Cat's Cradle

Cat's Cradle

Kurt Vonnegut

Description:

“A free-wheeling vehicle . . . an unforgettable ride!”—The New York Times Cat’s Cradle is Kurt Vonnegut’s satirical commentary on modern man and his madness. An apocalyptic tale of this planet’s ultimate fate, it features a midget as the protagonist, a complete, original theology created by a calypso singer, and a vision of the future that is at once blackly fatalistic and hilariously funny. A book that left an indelible mark on an entire generation of readers, Cat’s Cradle is one of the twentieth century’s most important works—and Vonnegut at his very best. “[Vonnegut is] an unimitative and inimitable social satirist.”—Harper’s Magazine “Our finest black-humorist . . . We laugh in self-defense.”—Atlantic Monthly

Review

Kurt Vonnegut's Cat's Cradle is the rare novel that earns the right to begin with an epigraph announcing that "all of the true things I am about to tell you are shameless lies." The book does not merely describe apocalypse; it builds a religion out of the acknowledgment that everything comforting we tell ourselves about meaning, purpose, and divine plan is a fabrication, and then it asks whether those fabrications are still worth telling. That question, more than the freezing of the world's oceans or the casual invention of doomsday weapons, is what gives the novel its peculiar staying power six decades after publication. Vonnegut has written a satire that declines to offer the satirist's usual moral high ground, because the ground itself has collapsed. The result is a work that belongs simultaneously to the Swiftian tradition of anatomizing human folly through fantastic invention, to the Camusian confrontation with absurdity, and to the distinctively American line of religious skepticism running back through Twain, yet it arrives at a position none of those traditions quite occupies: a kind of cheerful, devastated nihilism that offers you a rope while admitting the rope is made of nothing but string.

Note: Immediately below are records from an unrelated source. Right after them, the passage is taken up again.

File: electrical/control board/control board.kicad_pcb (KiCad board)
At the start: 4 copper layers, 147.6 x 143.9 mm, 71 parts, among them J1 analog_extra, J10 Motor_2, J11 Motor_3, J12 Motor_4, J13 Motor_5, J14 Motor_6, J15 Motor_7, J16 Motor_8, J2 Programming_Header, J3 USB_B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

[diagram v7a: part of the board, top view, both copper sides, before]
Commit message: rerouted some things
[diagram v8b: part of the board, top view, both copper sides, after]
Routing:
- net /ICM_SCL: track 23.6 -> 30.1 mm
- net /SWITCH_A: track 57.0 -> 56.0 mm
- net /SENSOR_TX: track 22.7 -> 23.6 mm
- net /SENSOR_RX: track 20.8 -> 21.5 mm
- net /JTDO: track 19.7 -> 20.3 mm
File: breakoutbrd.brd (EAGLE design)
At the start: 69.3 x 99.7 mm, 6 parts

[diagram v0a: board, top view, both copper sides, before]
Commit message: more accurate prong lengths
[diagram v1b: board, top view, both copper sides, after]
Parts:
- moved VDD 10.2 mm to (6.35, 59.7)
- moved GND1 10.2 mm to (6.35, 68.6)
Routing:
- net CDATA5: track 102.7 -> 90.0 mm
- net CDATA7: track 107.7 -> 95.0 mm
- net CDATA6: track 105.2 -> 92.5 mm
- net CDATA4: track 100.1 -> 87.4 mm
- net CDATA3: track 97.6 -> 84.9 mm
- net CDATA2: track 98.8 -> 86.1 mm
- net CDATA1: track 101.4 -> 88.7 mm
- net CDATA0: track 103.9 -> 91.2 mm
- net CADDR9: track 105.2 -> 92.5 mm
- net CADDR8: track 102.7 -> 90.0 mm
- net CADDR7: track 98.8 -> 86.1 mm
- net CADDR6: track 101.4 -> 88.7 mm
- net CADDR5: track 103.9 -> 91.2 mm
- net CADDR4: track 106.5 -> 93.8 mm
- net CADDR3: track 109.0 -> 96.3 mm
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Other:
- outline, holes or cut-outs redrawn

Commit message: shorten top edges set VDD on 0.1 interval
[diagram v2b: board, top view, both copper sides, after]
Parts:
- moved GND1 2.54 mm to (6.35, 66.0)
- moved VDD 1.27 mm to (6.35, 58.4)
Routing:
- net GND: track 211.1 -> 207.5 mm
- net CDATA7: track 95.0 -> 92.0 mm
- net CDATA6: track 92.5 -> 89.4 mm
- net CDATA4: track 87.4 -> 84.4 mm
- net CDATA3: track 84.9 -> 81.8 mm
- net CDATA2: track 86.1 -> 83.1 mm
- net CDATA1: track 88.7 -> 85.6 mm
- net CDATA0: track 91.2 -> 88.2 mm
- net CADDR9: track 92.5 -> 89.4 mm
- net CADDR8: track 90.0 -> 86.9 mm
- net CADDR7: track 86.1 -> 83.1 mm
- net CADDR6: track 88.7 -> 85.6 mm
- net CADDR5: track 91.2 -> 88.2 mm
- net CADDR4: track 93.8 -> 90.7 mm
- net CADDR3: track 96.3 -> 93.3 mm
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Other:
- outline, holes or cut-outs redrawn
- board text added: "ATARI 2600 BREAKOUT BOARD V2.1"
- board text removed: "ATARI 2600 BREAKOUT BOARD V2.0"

The novel announces its central wager in the first sentence: "Call me Jonah. My parents did, or nearly did. They called me John." That Melvillean echo and the biblical allusion to the prophet swallowed for fleeing God's command immediately establish the narrator as a man who has been compelled to witness something he did not seek. Jonah/John is a freelance writer who set out to assemble a straightforward factual book called The Day the World Ended, a chronicle of what important Americans were doing on the morning the atomic bomb fell on Hiroshima. The book he ended up writing is the one we hold, and the distance between that earnest documentary project and this fragmented, ironized, Bokononist confession is the measure of what the novel does to its narrator. He begins as a Christian who believes in the sufficiency of facts and the coherence of causal explanation; he ends as a convert to a religion founded on the premise that anyone who thinks he sees what God is doing is a fool. His arc is the dissolution of his own epistemological confidence, and the novel's form mirrors that dissolution: 127 micro-chapters, some barely a page long, alternated with calypsos, parables, and aphorisms from an invented scripture, none of it adding up to the clean explanatory arc he set out to produce.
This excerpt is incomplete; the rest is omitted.